Directions
The reply must consist of the complete listing, reproduced exactly, with no images included.
==============================
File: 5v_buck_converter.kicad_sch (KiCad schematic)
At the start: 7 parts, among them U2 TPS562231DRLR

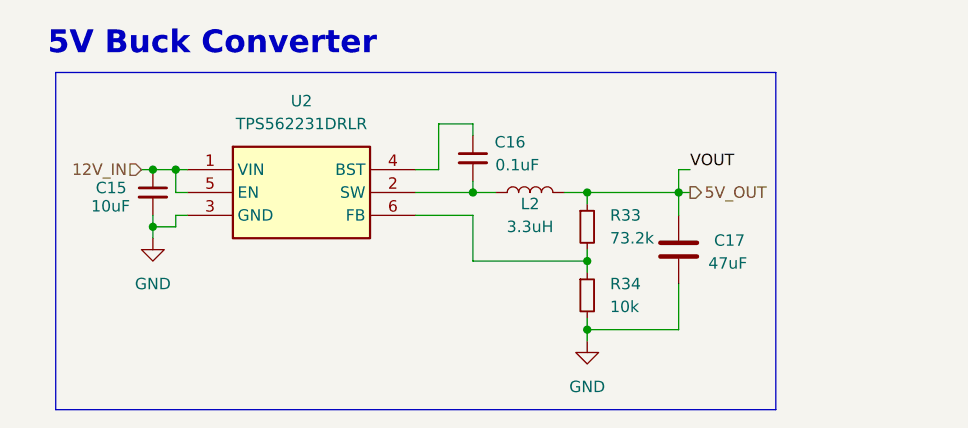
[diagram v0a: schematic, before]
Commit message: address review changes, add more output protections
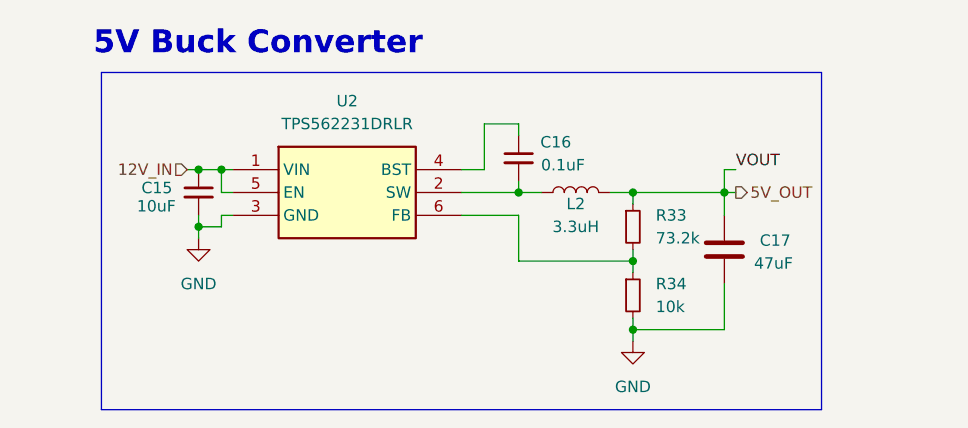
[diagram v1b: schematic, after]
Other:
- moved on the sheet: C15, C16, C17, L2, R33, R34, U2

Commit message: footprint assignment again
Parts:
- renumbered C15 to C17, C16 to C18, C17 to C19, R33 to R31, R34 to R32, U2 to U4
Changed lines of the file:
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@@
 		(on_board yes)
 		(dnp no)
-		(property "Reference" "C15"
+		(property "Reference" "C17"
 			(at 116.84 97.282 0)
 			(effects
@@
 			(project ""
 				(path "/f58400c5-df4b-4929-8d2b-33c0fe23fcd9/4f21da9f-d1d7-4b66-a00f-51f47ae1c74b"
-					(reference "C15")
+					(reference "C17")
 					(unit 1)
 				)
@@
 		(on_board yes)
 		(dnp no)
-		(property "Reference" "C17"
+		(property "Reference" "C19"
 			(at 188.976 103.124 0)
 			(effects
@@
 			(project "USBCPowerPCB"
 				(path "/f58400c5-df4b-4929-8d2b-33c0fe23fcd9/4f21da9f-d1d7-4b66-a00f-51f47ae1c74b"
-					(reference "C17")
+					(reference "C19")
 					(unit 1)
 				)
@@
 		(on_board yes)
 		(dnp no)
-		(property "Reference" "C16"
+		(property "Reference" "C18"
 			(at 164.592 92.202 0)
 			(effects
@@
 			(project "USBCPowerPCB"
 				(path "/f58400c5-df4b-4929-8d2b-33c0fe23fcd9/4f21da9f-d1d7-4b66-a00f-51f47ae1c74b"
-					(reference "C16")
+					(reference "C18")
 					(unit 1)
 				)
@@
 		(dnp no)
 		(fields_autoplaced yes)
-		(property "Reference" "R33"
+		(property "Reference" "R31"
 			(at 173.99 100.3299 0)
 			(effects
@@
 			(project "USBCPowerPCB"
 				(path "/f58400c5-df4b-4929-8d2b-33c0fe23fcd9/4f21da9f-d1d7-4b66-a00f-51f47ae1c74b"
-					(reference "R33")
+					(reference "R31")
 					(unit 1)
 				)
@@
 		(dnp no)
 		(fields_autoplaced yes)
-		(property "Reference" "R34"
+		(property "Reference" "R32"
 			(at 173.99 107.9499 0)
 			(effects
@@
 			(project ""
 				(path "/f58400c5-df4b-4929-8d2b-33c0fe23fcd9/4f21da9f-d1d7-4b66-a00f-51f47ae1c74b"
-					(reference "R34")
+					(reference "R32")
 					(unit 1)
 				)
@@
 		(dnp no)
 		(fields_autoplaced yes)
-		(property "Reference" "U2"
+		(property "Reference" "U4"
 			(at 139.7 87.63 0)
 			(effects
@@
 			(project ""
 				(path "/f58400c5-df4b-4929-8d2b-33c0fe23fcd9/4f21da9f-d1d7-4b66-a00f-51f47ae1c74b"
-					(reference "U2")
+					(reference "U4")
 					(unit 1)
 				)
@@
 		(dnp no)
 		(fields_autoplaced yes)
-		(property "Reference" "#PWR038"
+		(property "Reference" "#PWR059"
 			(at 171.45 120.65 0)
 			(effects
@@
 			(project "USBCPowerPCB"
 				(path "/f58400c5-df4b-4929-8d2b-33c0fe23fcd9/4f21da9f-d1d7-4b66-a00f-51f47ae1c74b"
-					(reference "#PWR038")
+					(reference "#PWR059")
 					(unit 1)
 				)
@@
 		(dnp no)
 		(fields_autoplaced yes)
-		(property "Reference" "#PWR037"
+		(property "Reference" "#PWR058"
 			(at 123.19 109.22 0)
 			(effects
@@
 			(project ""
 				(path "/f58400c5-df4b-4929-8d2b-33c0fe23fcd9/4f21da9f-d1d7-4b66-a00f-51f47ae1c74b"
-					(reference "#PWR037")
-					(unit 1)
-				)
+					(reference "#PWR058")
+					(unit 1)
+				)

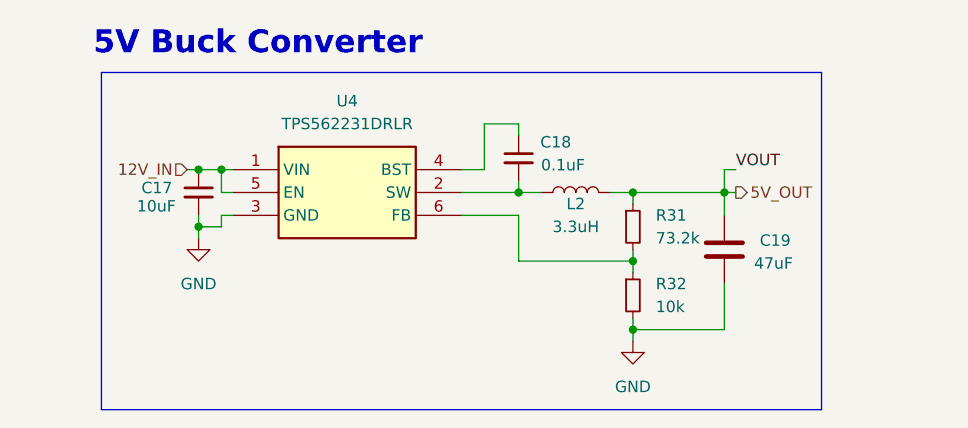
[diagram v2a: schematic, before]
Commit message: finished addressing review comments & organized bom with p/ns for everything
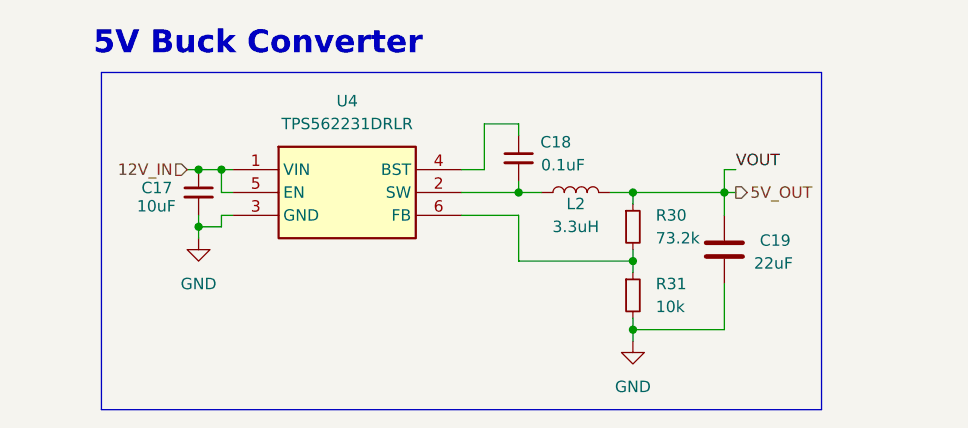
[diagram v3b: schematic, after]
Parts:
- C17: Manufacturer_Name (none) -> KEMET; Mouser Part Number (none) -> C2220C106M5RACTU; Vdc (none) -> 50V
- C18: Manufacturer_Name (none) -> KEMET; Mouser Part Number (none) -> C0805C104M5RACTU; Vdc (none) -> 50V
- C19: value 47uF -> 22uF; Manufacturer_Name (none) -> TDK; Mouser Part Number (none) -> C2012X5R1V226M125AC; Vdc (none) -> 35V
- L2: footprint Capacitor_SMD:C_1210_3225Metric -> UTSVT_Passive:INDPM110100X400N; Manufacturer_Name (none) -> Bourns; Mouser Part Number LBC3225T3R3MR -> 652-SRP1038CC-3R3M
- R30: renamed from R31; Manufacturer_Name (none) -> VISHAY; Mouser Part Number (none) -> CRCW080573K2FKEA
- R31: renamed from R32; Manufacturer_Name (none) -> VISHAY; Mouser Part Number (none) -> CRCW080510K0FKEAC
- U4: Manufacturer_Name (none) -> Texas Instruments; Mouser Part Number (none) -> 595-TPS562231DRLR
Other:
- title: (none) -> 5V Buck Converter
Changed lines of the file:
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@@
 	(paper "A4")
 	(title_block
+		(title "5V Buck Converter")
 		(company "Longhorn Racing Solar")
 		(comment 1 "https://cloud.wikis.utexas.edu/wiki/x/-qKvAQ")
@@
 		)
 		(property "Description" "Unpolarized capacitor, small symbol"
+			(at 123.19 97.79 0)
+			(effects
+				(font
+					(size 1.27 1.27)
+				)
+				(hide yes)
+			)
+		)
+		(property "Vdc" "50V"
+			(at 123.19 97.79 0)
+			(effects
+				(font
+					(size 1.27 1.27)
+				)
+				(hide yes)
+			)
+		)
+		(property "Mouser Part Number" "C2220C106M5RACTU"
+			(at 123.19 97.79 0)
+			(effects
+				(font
==============================
Response for this exercise
File: 5v_buck_converter.kicad_sch (KiCad schematic)
At the start: 7 parts, among them U2 TPS562231DRLR

[diagram v0a: schematic, before]
Commit message: address review changes, add more output protections
[diagram v1b: schematic, after]
Other:
- moved on the sheet: C15, C16, C17, L2, R33, R34, U2

Commit message: footprint assignment again
Parts:
- renumbered C15 to C17, C16 to C18, C17 to C19, R33 to R31, R34 to R32, U2 to U4
Changed lines of the file:
@@
 		(on_board yes)
 		(dnp no)
-		(property "Reference" "C15"
+		(property "Reference" "C17"
 			(at 116.84 97.282 0)
 			(effects
@@
 			(project ""
 				(path "/f58400c5-df4b-4929-8d2b-33c0fe23fcd9/4f21da9f-d1d7-4b66-a00f-51f47ae1c74b"
-					(reference "C15")
+					(reference "C17")
 					(unit 1)
 				)
@@
 		(on_board yes)
 		(dnp no)
-		(property "Reference" "C17"
+		(property "Reference" "C19"
 			(at 188.976 103.124 0)
 			(effects
@@
 			(project "USBCPowerPCB"
 				(path "/f58400c5-df4b-4929-8d2b-33c0fe23fcd9/4f21da9f-d1d7-4b66-a00f-51f47ae1c74b"
-					(reference "C17")
+					(reference "C19")
 					(unit 1)
 				)
@@
 		(on_board yes)
 		(dnp no)
-		(property "Reference" "C16"
+		(property "Reference" "C18"
 			(at 164.592 92.202 0)
 			(effects
@@
 			(project "USBCPowerPCB"
 				(path "/f58400c5-df4b-4929-8d2b-33c0fe23fcd9/4f21da9f-d1d7-4b66-a00f-51f47ae1c74b"
-					(reference "C16")
+					(reference "C18")
 					(unit 1)
 				)
@@
 		(dnp no)
 		(fields_autoplaced yes)
-		(property "Reference" "R33"
+		(property "Reference" "R31"
 			(at 173.99 100.3299 0)
 			(effects
@@
 			(project "USBCPowerPCB"
 				(path "/f58400c5-df4b-4929-8d2b-33c0fe23fcd9/4f21da9f-d1d7-4b66-a00f-51f47ae1c74b"
-					(reference "R33")
+					(reference "R31")
 					(unit 1)
 				)
@@
 		(dnp no)
 		(fields_autoplaced yes)
-		(property "Reference" "R34"
+		(property "Reference" "R32"
 			(at 173.99 107.9499 0)
 			(effects
@@
 			(project ""
 				(path "/f58400c5-df4b-4929-8d2b-33c0fe23fcd9/4f21da9f-d1d7-4b66-a00f-51f47ae1c74b"
-					(reference "R34")
+					(reference "R32")
 					(unit 1)
 				)
@@
 		(dnp no)
 		(fields_autoplaced yes)
-		(property "Reference" "U2"
+		(property "Reference" "U4"
 			(at 139.7 87.63 0)
 			(effects
@@
 			(project ""
 				(path "/f58400c5-df4b-4929-8d2b-33c0fe23fcd9/4f21da9f-d1d7-4b66-a00f-51f47ae1c74b"
-					(reference "U2")
+					(reference "U4")
 					(unit 1)
 				)
@@
 		(dnp no)
 		(fields_autoplaced yes)
-		(property "Reference" "#PWR038"
+		(property "Reference" "#PWR059"
 			(at 171.45 120.65 0)
 			(effects
@@
 			(project "USBCPowerPCB"
 				(path "/f58400c5-df4b-4929-8d2b-33c0fe23fcd9/4f21da9f-d1d7-4b66-a00f-51f47ae1c74b"
-					(reference "#PWR038")
+					(reference "#PWR059")
 					(unit 1)
 				)
@@
 		(dnp no)
 		(fields_autoplaced yes)
-		(property "Reference" "#PWR037"
+		(property "Reference" "#PWR058"
 			(at 123.19 109.22 0)
 			(effects
@@
 			(project ""
 				(path "/f58400c5-df4b-4929-8d2b-33c0fe23fcd9/4f21da9f-d1d7-4b66-a00f-51f47ae1c74b"
-					(reference "#PWR037")
-					(unit 1)
-				)
+					(reference "#PWR058")
+					(unit 1)
+				)

[diagram v2a: schematic, before]
Commit message: finished addressing review comments & organized bom with p/ns for everything
[diagram v3b: schematic, after]
Parts:
- C17: Manufacturer_Name (none) -> KEMET; Mouser Part Number (none) -> C2220C106M5RACTU; Vdc (none) -> 50V
- C18: Manufacturer_Name (none) -> KEMET; Mouser Part Number (none) -> C0805C104M5RACTU; Vdc (none) -> 50V
- C19: value 47uF -> 22uF; Manufacturer_Name (none) -> TDK; Mouser Part Number (none) -> C2012X5R1V226M125AC; Vdc (none) -> 35V
- L2: footprint Capacitor_SMD:C_1210_3225Metric -> UTSVT_Passive:INDPM110100X400N; Manufacturer_Name (none) -> Bourns; Mouser Part Number LBC3225T3R3MR -> 652-SRP1038CC-3R3M
- R30: renamed from R31; Manufacturer_Name (none) -> VISHAY; Mouser Part Number (none) -> CRCW080573K2FKEA
- R31: renamed from R32; Manufacturer_Name (none) -> VISHAY; Mouser Part Number (none) -> CRCW080510K0FKEAC
- U4: Manufacturer_Name (none) -> Texas Instruments; Mouser Part Number (none) -> 595-TPS562231DRLR
Other:
- title: (none) -> 5V Buck Converter
Changed lines of the file:
@@
 	(paper "A4")
 	(title_block
+		(title "5V Buck Converter")
 		(company "Longhorn Racing Solar")
 		(comment 1 "https://cloud.wikis.utexas.edu/wiki/x/-qKvAQ")
@@
 		)
 		(property "Description" "Unpolarized capacitor, small symbol"
+			(at 123.19 97.79 0)
+			(effects
+				(font
+					(size 1.27 1.27)
+				)
+				(hide yes)
+			)
+		)
+		(property "Vdc" "50V"
+			(at 123.19 97.79 0)
+			(effects
+				(font
+					(size 1.27 1.27)
+				)
+				(hide yes)
+			)
+		)
+		(property "Mouser Part Number" "C2220C106M5RACTU"
+			(at 123.19 97.79 0)
+			(effects
+				(font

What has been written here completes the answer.